» Task brief:
Below are the records; reproduce all of them exactly but without any images.

(Beginning of Record excerpts)

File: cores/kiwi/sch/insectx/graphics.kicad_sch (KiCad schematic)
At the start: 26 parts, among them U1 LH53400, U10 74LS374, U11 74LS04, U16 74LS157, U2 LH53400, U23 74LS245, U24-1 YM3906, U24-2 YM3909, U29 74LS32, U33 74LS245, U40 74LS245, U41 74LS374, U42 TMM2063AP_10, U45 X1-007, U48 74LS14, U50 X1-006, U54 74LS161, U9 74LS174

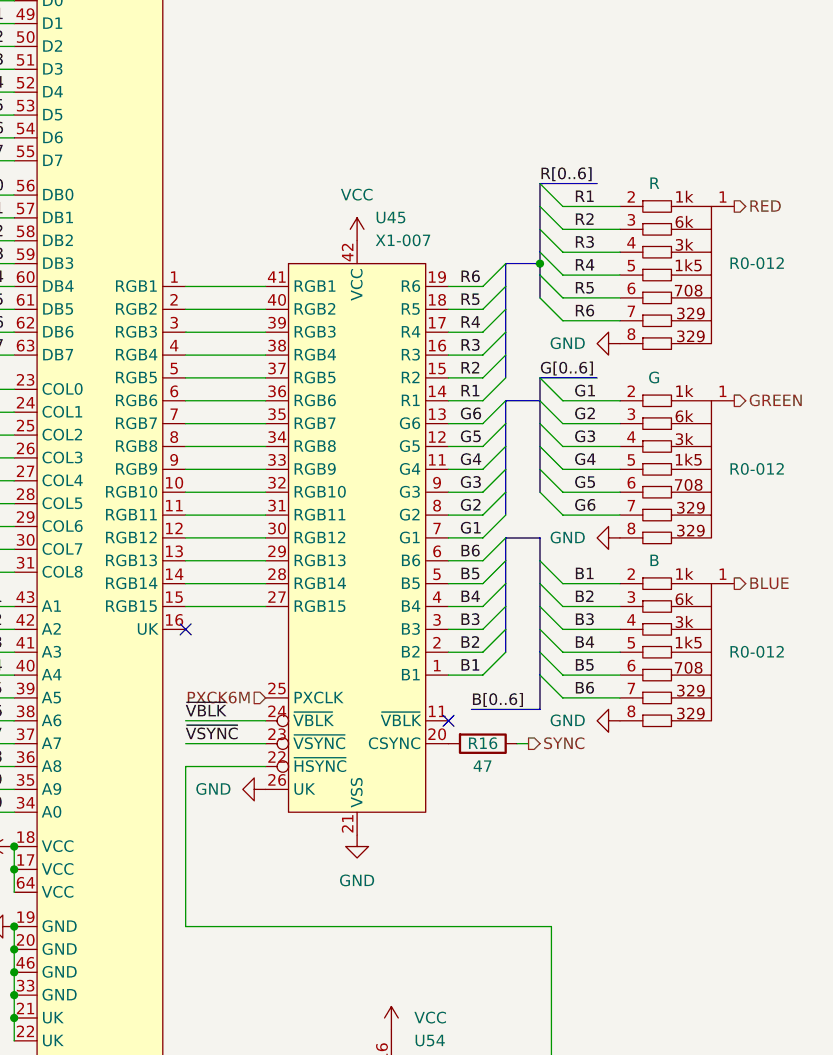
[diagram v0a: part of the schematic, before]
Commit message: updated schematics with correct pins names on the RGB output. As per [insectx] schematic signals #22
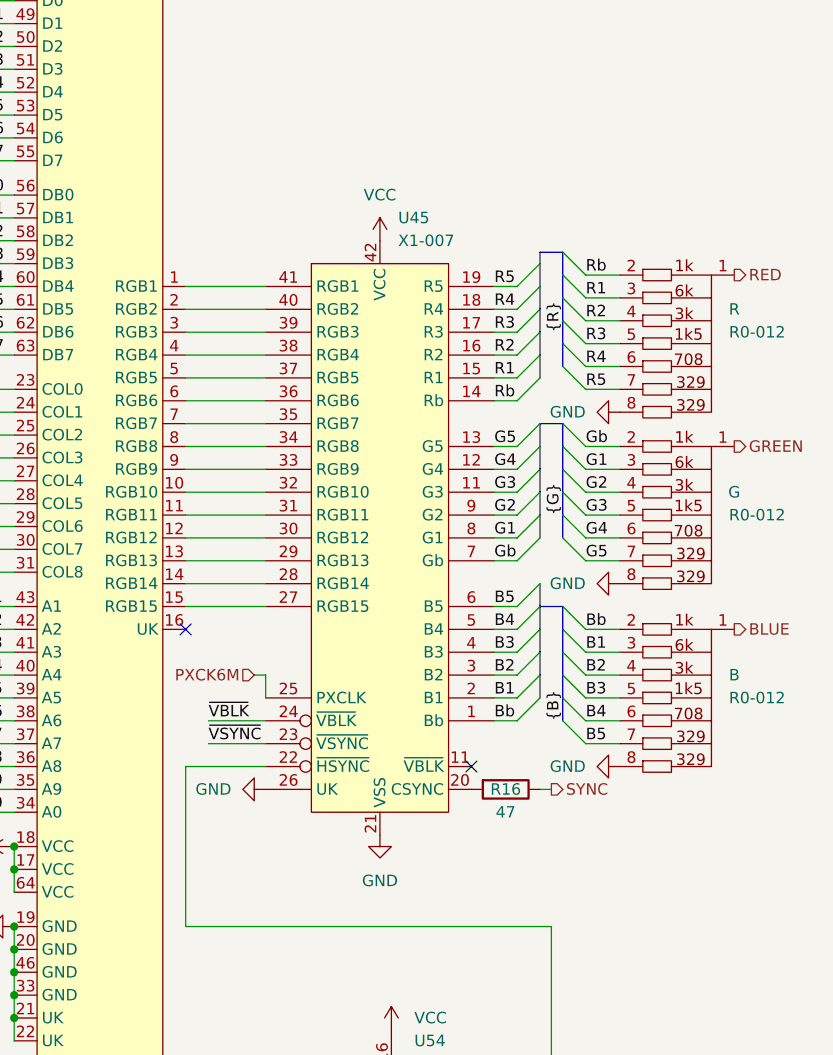
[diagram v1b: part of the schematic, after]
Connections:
- net B6 is gone; now on net B5: B1.7, U45.6 (B5)
- net G6 is gone; now on net G5: G1.7, U45.13 (G5)
- net R6 is gone; now on net R5: R999.7, U45.19 (R5)
- net B1: now also B1.3, U45.2 (B1); no longer B1.2, U45.1 (B1)
- net B2: now also B1.4, U45.3 (B2); no longer B1.3, U45.2 (B2)
- net B3: now also B1.5, U45.4 (B3); no longer B1.4, U45.3 (B3)
- net B4: now also B1.6, U45.5 (B4); no longer B1.5, U45.4 (B4)
- net B5: no longer B1.6, U45.5 (B5)
- net G1: now also G1.3, U45.8 (G1); no longer G1.2, U45.7 (G1)
- net G2: now also G1.4, U45.9 (G2); no longer G1.3, U45.8 (G2)
- net G3: now also G1.5, U45.11 (~{VBLK}); no longer G1.4, U45.9 (G3)
- net G4: now also G1.6, U45.12 (G4); no longer G1.5, U45.11 (~{VBLK})
- net G5: no longer G1.6, U45.12 (G5)
- net R1: now also R999.3, U45.15 (R1); no longer R999.2, U45.14 (R1)
- net R2: now also R999.4, U45.16 (R2); no longer R999.3, U45.15 (R2)
- net R3: now also R999.5, U45.17 (R3); no longer R999.4, U45.16 (R3)
- net R4: now also R999.6, U45.18 (R4); no longer R999.5, U45.17 (R4)
- net R5: no longer R999.6, U45.18 (R5)
- new net Bb: B1.2, U45.1 (Bb)
- new net Gb: G1.2, U45.7 (Gb)
- new net Rb: R999.2, U45.14 (Rb)
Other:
- moved on the sheet: R16, U45

(End of Record excerpts)

» Reply:
File: cores/kiwi/sch/insectx/graphics.kicad_sch (KiCad schematic)
At the start: 26 parts, among them U1 LH53400, U10 74LS374, U11 74LS04, U16 74LS157, U2 LH53400, U23 74LS245, U24-1 YM3906, U24-2 YM3909, U29 74LS32, U33 74LS245, U40 74LS245, U41 74LS374, U42 TMM2063AP_10, U45 X1-007, U48 74LS14, U50 X1-006, U54 74LS161, U9 74LS174

[diagram v0a: part of the schematic, before]
Commit message: updated schematics with correct pins names on the RGB output. As per [insectx] schematic signals #22
[diagram v1b: part of the schematic, after]
Connections:
- net B6 is gone; now on net B5: B1.7, U45.6 (B5)
- net G6 is gone; now on net G5: G1.7, U45.13 (G5)
- net R6 is gone; now on net R5: R999.7, U45.19 (R5)
- net B1: now also B1.3, U45.2 (B1); no longer B1.2, U45.1 (B1)
- net B2: now also B1.4, U45.3 (B2); no longer B1.3, U45.2 (B2)
- net B3: now also B1.5, U45.4 (B3); no longer B1.4, U45.3 (B3)
- net B4: now also B1.6, U45.5 (B4); no longer B1.5, U45.4 (B4)
- net B5: no longer B1.6, U45.5 (B5)
- net G1: now also G1.3, U45.8 (G1); no longer G1.2, U45.7 (G1)
- net G2: now also G1.4, U45.9 (G2); no longer G1.3, U45.8 (G2)
- net G3: now also G1.5, U45.11 (~{VBLK}); no longer G1.4, U45.9 (G3)
- net G4: now also G1.6, U45.12 (G4); no longer G1.5, U45.11 (~{VBLK})
- net G5: no longer G1.6, U45.12 (G5)
- net R1: now also R999.3, U45.15 (R1); no longer R999.2, U45.14 (R1)
- net R2: now also R999.4, U45.16 (R2); no longer R999.3, U45.15 (R2)
- net R3: now also R999.5, U45.17 (R3); no longer R999.4, U45.16 (R3)
- net R4: now also R999.6, U45.18 (R4); no longer R999.5, U45.17 (R4)
- net R5: no longer R999.6, U45.18 (R5)
- new net Bb: B1.2, U45.1 (Bb)
- new net Gb: G1.2, U45.7 (Gb)
- new net Rb: R999.2, U45.14 (Rb)
Other:
- moved on the sheet: R16, U45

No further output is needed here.